While it is presently only possible to conclude a common-law marriage in a limited number of jurisdictions, it was formerly much more widely possible. Many valuable estate rights today continue to depend the right to inherit through a common-law marriage concluded in the past in a state which subsequently abolished common-law marriage. The relevant laws of those states that have abolished common-law marriage are prospective in application, which means that common-law marriages contracted prior to the effective date of the statutes are valid.
Remember that the United States Constitution requires every state to accord "Full Faith and Credit" to the laws of its sister states. Thus, a common-law marriage that is validly contracted in a state where such marriages are legal will be valid even in states where such marriages cannot be contracted and may be contrary to public policy.
There may be bizarre consequences of such a rule. For example, suppose an unmarried couple from New York City makes a weekend outing to one of those hotels with the heart-shaped bathtubs in the Poconos. (Assume for purposes of this example that the former [i.e., pre-9/17/03] common-law marriage law of Pennsylvania was in effect.) They register as "Mr. and Mrs." They have just, possibly inadvertently, satisfied at least one portion of the evidentiary requirements for a common-law marriage in Pennsylvania (cohabitation and "holding out") and may have created a legitimate question regarding whether they are married when they return to New York. In they event of a dispute between them in New York after they return, a New York court must apply the laws of Pennsylvania to determine the validity of a common-law marriage purportedly contracted in Pennsylvania. (Pennsylvania law, while recognizing common-law marriages, does not allow such marriages to arise through inadvertence.)

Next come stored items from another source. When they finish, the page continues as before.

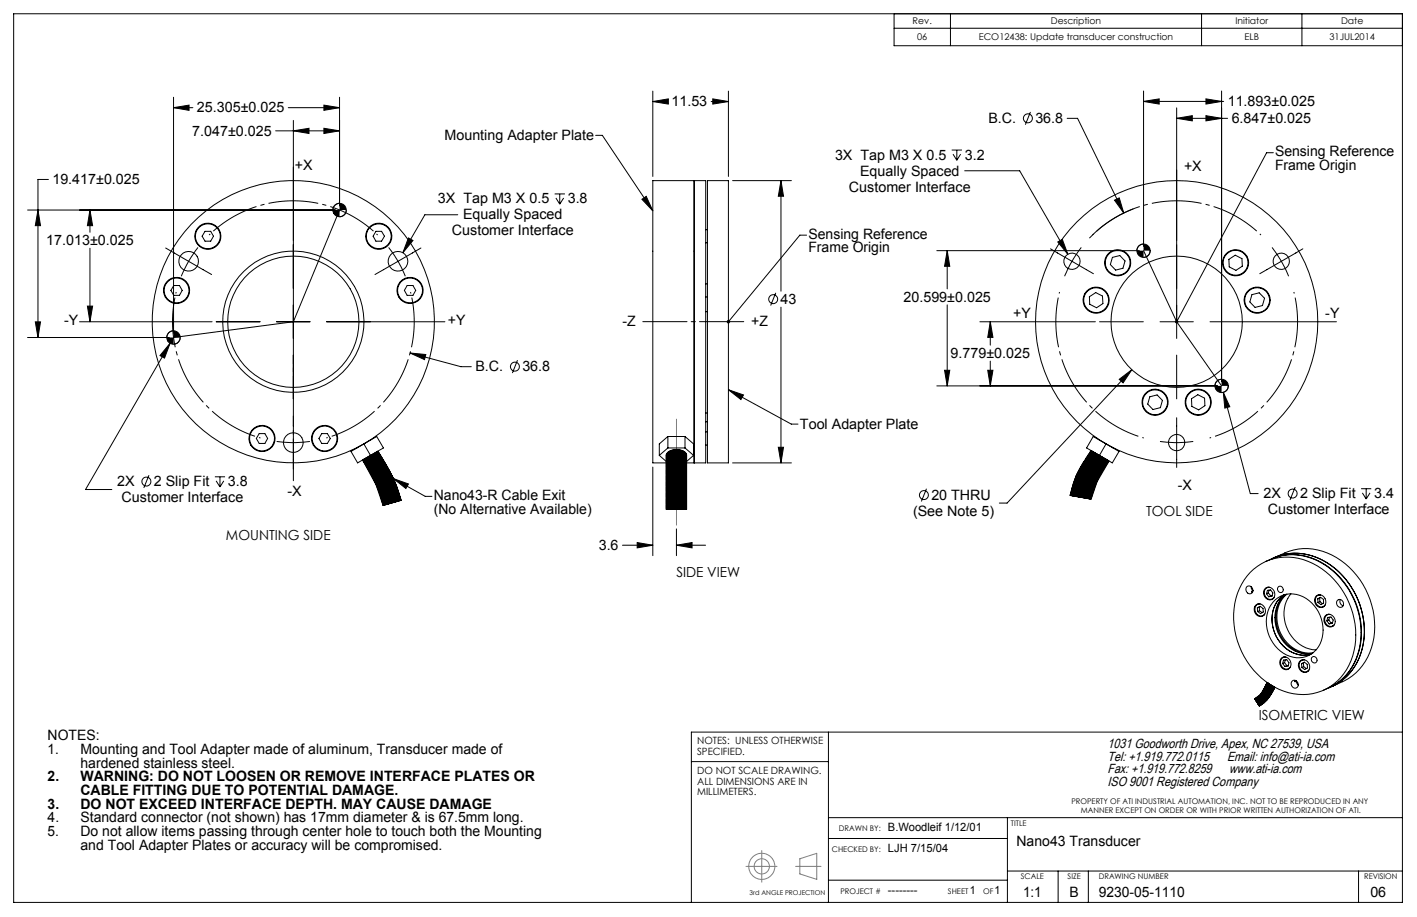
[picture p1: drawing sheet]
<svg xmlns="http://www.w3.org/2000/svg" width="432mm" height="279mm" viewBox="0 0 432 279" stroke-linecap="round" stroke-linejoin="round" font-family="sans-serif">
<g fill="none" stroke="#808080" stroke-width=".3">
<path d="M232.1 259.2v9.6M227.3 264h9.5M242.4 264h7.8M243.7 261.7l5.2-1.7v7.9l-5.2-1.6z"/>
<circle cx="232.1" cy="264" r="4"/>
<circle cx="232.1" cy="264" r="2.31"/>
</g>
<g fill="none" stroke="#000" stroke-width=".3">
<path d="M4.2 4.2h423.2v270.8h-423.2zM272.5 4.2v9.7h154.9M272.5 8.6h154.9M289.6 4.2v9.7M366.1 4.2v9.7M396.7 4.2v9.7M52.9 32.8l4.7-.8v1.6zM52.9 29.6v72M52.9 32.8h5.9M84 39.9h19.5M87.8 32.8h15.7M89.4 39.9l4.8-.8v1.6z"/>
<path d="M89.4 36.7v66.4M98.7 39.1l4.8 .8-4.8 .8zM98.7 32l4.8 .8-4.8 .8zM103.5 29.6v33.1M198.9 30.9l4.8-.8v1.6zM198.9 30.9h4.5M198.9 27.8v26M216.7 30.9h5.3M217.2 30.1l4.8 .8-4.8 .8zM222 27.8v26M314 34.1l-1.5 3.9M325.2 36.1h3.2l14 28.8"/>
<path d="M348.5 30.9l4.7-.8v1.6zM348.5 27.7v47.4M348.5 30.9h24.4M358.6 36.1l4.7-.9v1.6zM358.6 32.9v70.2M358.6 36.1h15.5M367.5 35.2l4.8 .9-4.8 .7zM367.5 30.1l4.8 .8-4.8 .8zM372.3 27.7v88.6M14.7 54.7h-3.1v48.1M169 59.1h3.2M170.6 59.1v3.1"/>
<path d="M181.5 41.2h2.1l15.3 23M211.5 55v86zM215.6 55h6.4v86h-6.4zM223.2 55h18M238 55l.8 4.8h-1.6zM238 55v33.7M290 45.7h3.1M290.4 47l1.2 1.8M291.6 45.7v3.1M292.7 47l-1.1 1.8M294 52h16.7l14.7 25.5M388 46.5h-2l-27.4 51.5"/>
<path d="M8.4 64h93.8M11.6 64l.7 4.8h-1.5zM27.4 64l.8 4.8h-1.6zM27.4 64v6.8M27.4 75.6v22.4M50.5 75.6l7 4M57.5 79.6l-2.3 4.6M57.5 79.6l7 4M60.3 75.4l-2.8 4.2M62.5 70.5h1.7l.9 1.5-.9 1.5h-1.7l-.9-1.5zM103.5 61.9l-.8 .2-.7 .5-.6 1.4M103.5 64l-14.1 34-36.5 4.8"/>
<path d="M105.5 64l-.2 .8-.5 .7-1.3 .5M114.5 70.5h1.8l.9 1.5-.9 1.5h-1.8l-.8-1.5zM118.4 75.4l2.9 4.2M121.3 79.6l2.2 4.6M121.3 79.6l-7 4M124.5 72.5l1.3 .8-3 3.7zM128.3 75.6l-7 4M139.5 65.4h-10l-6.7 11.6M169.4 60.3l1.2 1.9M171.8 60.3l-1.2 1.9M195.6 60.7l1.3-.9 2 4.4zM215.1 74h.5"/>
<path d="M215.1 70h.5M245.8 71.6h-2.1l-21.7 26.4M285.5 76.4h61.7M288.6 76.4l.8 4.7h-1.6zM288.6 76.4v11.6M320.1 75.8l6.6 3.8M322.3 73.7l1.4-.8 1.7 4.6zM326.7 79.6l-2.3 4.6M326.7 79.6l6.5 3.8M329.5 75.4l-2.8 4.2M339 78.4l2.2-.5 1.6 1.6-.6 2.2-2.2 .6-1.7-1.7zM339.6 61l1.5-.7 1.3 4.6z"/>
<path d="M345.3 63.6a36.9 36.9 0 0 0-13.3 9M348.5 74.4l-1.4 .5-.5 .7-.2 .8M348.5 76.4l10.1 21.6M350.5 76.4l-.5 1.4-.7 .4-.8 .2M374.5 79l1.9-1.2 2.1 1 .1 2.3-2 1.3-2-1.1zM387.6 75.4a38 38 0 0 1 5.1 8.8M397 75.8l-13.1 7.6M10.8 98.1h1.5l-.7 4.7zM24.2 98h40.4M26.6 93.3h1.6l-.8 4.7zM53 87h1.7l.8 1.5-.8 1.5h-1.7l-.9-1.5zM65.9 98h13.3"/>
<path d="M84.3 98h10.2M99.6 98h36M124.1 87h1.7l.9 1.5-.9 1.5h-1.7l-.9-1.5zM215.1 90.5h.5M215.1 86.5h.5M215.1 95h.5M236.4 89.2l-1.6 3.9M238 93.6v47.4M288.6 92.9v24.7M298.6 98h35.2M301.8 98l.8 4.8h-1.6zM301.8 98v7.2"/>
<path d="M332 90.4l1.9-1.3 2.1 1.1 .1 2.3-1.9 1.3-2.1-1.1zM335.1 98h13.3M353.5 98h10.1M358.6 98l13.7 19.6M368.7 98h38.5M381.5 89.8l2.2-.6 1.6 1.7-.6 2.2-2.3 .6-1.5-1.7zM8.4 102.8h43.2M51.8 104.6l-1.7 4.5-1.3-.8zM51.8 104.6l-25.7 44.6h8M52.9 100.8l-.9 .2-.7 .5-.5 1.3M54.9 102.8l-.5 1.4-.7 .5-.8 .2M89.4 108.2v13.3"/>
<path d="M125 107.6l4.8 .4-.4 1.6zM125 107.6l15.4 4.1h3.2M157.7 109.7l-1.6 4M222 118.7l4.6 1.6-.8 1.4zM222 118.7l19.1 10.5h2.1M285.5 117.6h85.5M287.8 112.8h1.6l-.8 4.8zM301 112.8h1.6l-.8 4.8zM301.8 110v7.6M341.1 115.6l3.8-3-2.7 4.1zM344.9 112.6l-38 40.7h-2.4M358.6 108.2v13.3"/>
<path d="M372.3 115.5l-.9 .2-.7 .5-.5 1.4M372.8 119.6l2 4.3-1.6 .5zM372.8 119.6l8.2 30.8h2.4M374.3 117.6l-.2 .8-.5 .7-1.3 .5M79 132.1h1.7l.9 1.5-.9 1.5h-1.7l-.9-1.5zM84.3 134.5a36.5 36.5 0 0 0 10.1 0M89.4 126.8v16.1M98 132.1h1.8l.8 1.5-.8 1.5h-1.8l-.8-1.5zM107 137.5l3.9-2.2 2 3.4-3.9 2.3zM108.8 136.4v.1M110.9 135.3l3.9-2.3 2 3.5-6.3 3.7 4.1 7.5 2.1 6.3 5.5-1.6M110.9 139.9l-.3 .4"/>
<path d="M111 139.8l2.3 4M111.2 139.8l-.6 .6M111.5 139.6l-.8 .8M111.9 139.4l-1.2 1.1M112.2 139.2l-1.4 1.4M112.5 139l-1.7 1.7M112.9 138.8l-2 2M112.9 134v.1M113.2 138.6l-2.3 2.3M113.5 138.4l-2.5 2.6M113.8 138.3l-2.8 2.7M114.2 138.1l-3.1 3"/>
<path d="M114.5 137.9l-3.4 3.3M115.1 137.5l-3.9 3.9M115.2 137.5l4.6 8.1 2.4 6.8M115.2 137.5l-3.9 4M115.3 137.7l-4 3.9M115.3 137.7l-3.9 4M115.4 137.8l-4 3.9M115.4 137.9l-3.9 4M115.5 138l-4 4M115.5 138.1l-3.9 3.9M115.6 138.2l-3.9 3.9M115.7 138.3l-4 3.9"/>
<path d="M115.7 138.4l-3.9 3.9M115.8 138.4l-4 4M115.8 138.5l-3.9 4M115.9 138.6l-4 4M115.9 138.7l-3.9 4M116 138.8l-4 3.9M116 138.9l-3.9 3.9M116.1 139l-4 3.9M116.1 139l-3.9 4M116.2 139.1l-4 4M116.2 139.2l-3.9 4M116.3 139.3l-4 4"/>
<path d="M116.3 139.4l-3.9 4M116.4 139.5l-4 3.9M116.5 139.6l-4 3.9M116.5 139.6l-4 4M116.6 139.7l-4 4M116.6 139.8l-4 4M116.7 139.9l-4 4M116.7 140l-4 4M200.9 138.7l2.6 2.3M203.5 136.5l-2.6 2.2M203.5 136.5h5.2M203.5 133v3.5"/>
<path d="M203.5 133h5.2M203.5 133l-2.6 2.3v3.4M203.6 137.7a4.4 4.4 0 0 1 5.6 .6v16.9h-6.2v-16.6zM203.9 137.5l-.8 .9M204.2 137.4l-1.2 1.1M204.4 137.3l-1.4 1.4M204.6 137.2l-1.6 1.7M204.9 137.2l-1.9 1.8M205 137.1l-2 2M205.2 137.1l-2.2 2.2M205.4 137.1l-2.4 2.3M205.5 137.1l-2.5 2.5"/>
<path d="M205.7 137l-2.7 2.7M205.8 137l-2.8 2.8M206 137l-3 3M206.1 137l-3.1 3.1M206.3 137l-3.3 3.3M206.4 137l-3.4 3.4M206.5 137l-3.5 3.5M206.7 137l-3.7 3.7M206.8 137.1l-3.8 3.7M206.9 137.1l-3.9 3.9M207 137.1l-4 4M207.2 137.1l-4.2 4.2"/>
<path d="M207.3 137.1l-4.3 4.3M207.4 137.2l-4.4 4.3M207.5 137.2l-4.5 4.5M207.6 137.2l-4.6 4.6M207.7 137.2l-4.7 4.7M207.8 137.3l-4.8 4.8M207.9 137.3l-4.9 4.9M208 137.4l-5 4.9M208.1 137.4l-5.1 5.1M208.2 137.4l-5.2 5.2M208.3 137.5l-5.3 5.3M208.4 137.5l-5.4 5.4"/>
<path d="M208.5 137.6l-5.5 5.5M208.6 137.7l-5.6 5.5M208.6 137.7l-5.6 5.6M208.7 137.8l-5.7 5.7M208.7 136.5l2.6 2.2M208.7 133v3.5M208.7 133l2.6 2.3v3.4M208.8 137.8l-5.8 5.8M208.9 137.9l-5.9 5.9M208.9 138l-5.9 5.9M209 138l-6 6M209.1 138.1l-6.1 6.1"/>
<path d="M209.1 138.2l-6.1 6.1M209.2 138.3l-6.2 6.2M209.2 138.4l-6.2 6.2M209.2 138.5l-6.2 6.2M209.2 138.6l-6.2 6.3M209.2 138.8l-6.2 6.2M209.2 138.9l-6.2 6.3M209.2 139.1l-6.2 6.2M209.2 139.2l-6.2 6.3M209.2 139.3l-6.2 6.3M209.2 139.5l-6.2 6.2M209.2 139.6l-6.2 6.3"/>
<path d="M209.2 139.8l-6.2 6.2M209.2 139.9l-6.2 6.3M211.3 138.7l-2.6 2.3M215.1 135.6h.5M215.1 131.6h.5M215.1 128.5h.5M215.1 125.8h.5M237.2 136.3h1.6l-.8 4.7zM332.5 137.3l-4.4 7.3-2 6.4 6.4 1.1M332.5 137.3l5.5 3.2-3.7 6.2-1.8 5.4M332.5 137.3h.1M332.6 137.3l-.5 .5"/>
<path d="M332.6 137.4l-.7 .8M332.7 137.4l-1.2 1.2M332.8 137.5l-1.5 1.6M332.9 137.5l-1.9 2M333 137.6l-2.3 2.3M333.1 137.7l-2.6 2.6M333.1 137.7l-2.2 3.9M333.1 133l7.9 4.5-2.1 3.5-7.8-4.5zM333.2 137.7l-3 3M333.3 137.8l-3.3 3.2M333.4 137.8l-3.6 3.6M333.4 137.9l-3.8 3.8"/>
<path d="M333.6 137.9l-4.2 4.2M333.6 138l-4.4 4.4M333.7 138l-4.7 4.7M333.8 138.1l-4.9 4.9M333.9 138.1l-5.2 5.2M334 138.2l-5.5 5.4M334.1 138.2l-5.7 5.7M334.2 138.3l-5.9 5.9M334.3 138.3l-6.1 6.1M334.3 138.4l-6.3 6.3M334.4 138.4l-6.5 6.5M334.5 138.5l-6.7 6.7"/>
<path d="M334.6 138.5l-6.9 6.9M334.7 138.6l-7.1 7.1M335 138.7l-7.6 7.6M335 134v.1M335 138.8l-7.7 7.7M335.1 138.9l-7.9 7.9M335.2 138.9l-8 8.1M335.3 139l-8.2 8.2M335.4 139l-8.4 8.4M335.5 139.1l-8.5 8.5M335.6 139.1l-8.7 8.7M335.7 139.1l-8.9 8.9"/>
<path d="M335.8 139.2l-9 9M335.8 139.2l-9.1 9.2M336 139.3l-9.3 9.3M336 139.3l-9.4 9.4M336.1 139.4l-9.5 9.5M336.2 139.5l-9.7 9.6M336.3 139.5l-9.8 9.8M336.4 139.6l-10 9.9M336.5 139.6l-10.1 10.1M336.6 139.7l-10.2 10.2M336.7 139.7l-10.4 10.4M336.7 139.8l-10.5 10.4"/>
<path d="M336.8 139.8l-10.6 10.6M336.9 139.9l-10.8 10.7M336.9 139.8l-2.2 4M337 139.9l-10.9 10.9M337 135.3l-2 3.4M337.1 140l-11 11M339.1 136.4v.1M350.4 120.9l2.2-.6 1.6 1.7-.6 2.2-2.3 .6-1.6-1.7zM353.5 134.5a36.5 36.5 0 0 0 10.1 0M358.6 127.3v15.1M363.1 121.5l1.9-1.2 2.1 1 .1 2.3-1.9 1.3-2.1-1.1zM45.4 144.8l-1.6 3.9"/>
<path d="M65.5 145.3h3.1M65.9 146.5l1.1 1.9M67 145.3v3.1M68.2 146.5l-1.2 1.9M110.5 140.2h.1M111.2 141.3l3.6-3.6 2.3 3.9M113.3 143.8l4-2.4 1.1 2.5M113.3 143.8l-.3 .1 1.6 2.2M114.4 146.3l4.2-2.5 1.1 2.5-3.7 2.1zM115.5 149.9l4.3-4.3-4.3 4.4M116.8 140.1l-4 4M116.8 140.2l-4 4"/>
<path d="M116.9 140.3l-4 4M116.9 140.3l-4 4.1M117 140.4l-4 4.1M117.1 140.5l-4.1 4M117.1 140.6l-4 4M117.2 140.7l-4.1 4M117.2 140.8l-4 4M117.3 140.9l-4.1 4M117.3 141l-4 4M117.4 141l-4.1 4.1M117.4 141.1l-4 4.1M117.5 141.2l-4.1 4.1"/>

There is no such thing as common-law divorce. Once parties are married, regardless of the manner in which their marriage is contracted, they are married and can only be divorced by appropriate means in the place where the divorce is granted. That means, in all 50 states of the United States, only by a court order.
Because the law of marriage and divorce varies from state to state, a person who may have valuable rights affected by such laws should consult with an attorney who specializes in such matters. The foregoing should not be construed as legal advice, which can only be given by an attorney who is admitted to practice in your state, to whom you pay a fee, and who in return undertakes to protect your rights and to explain your responsibilities.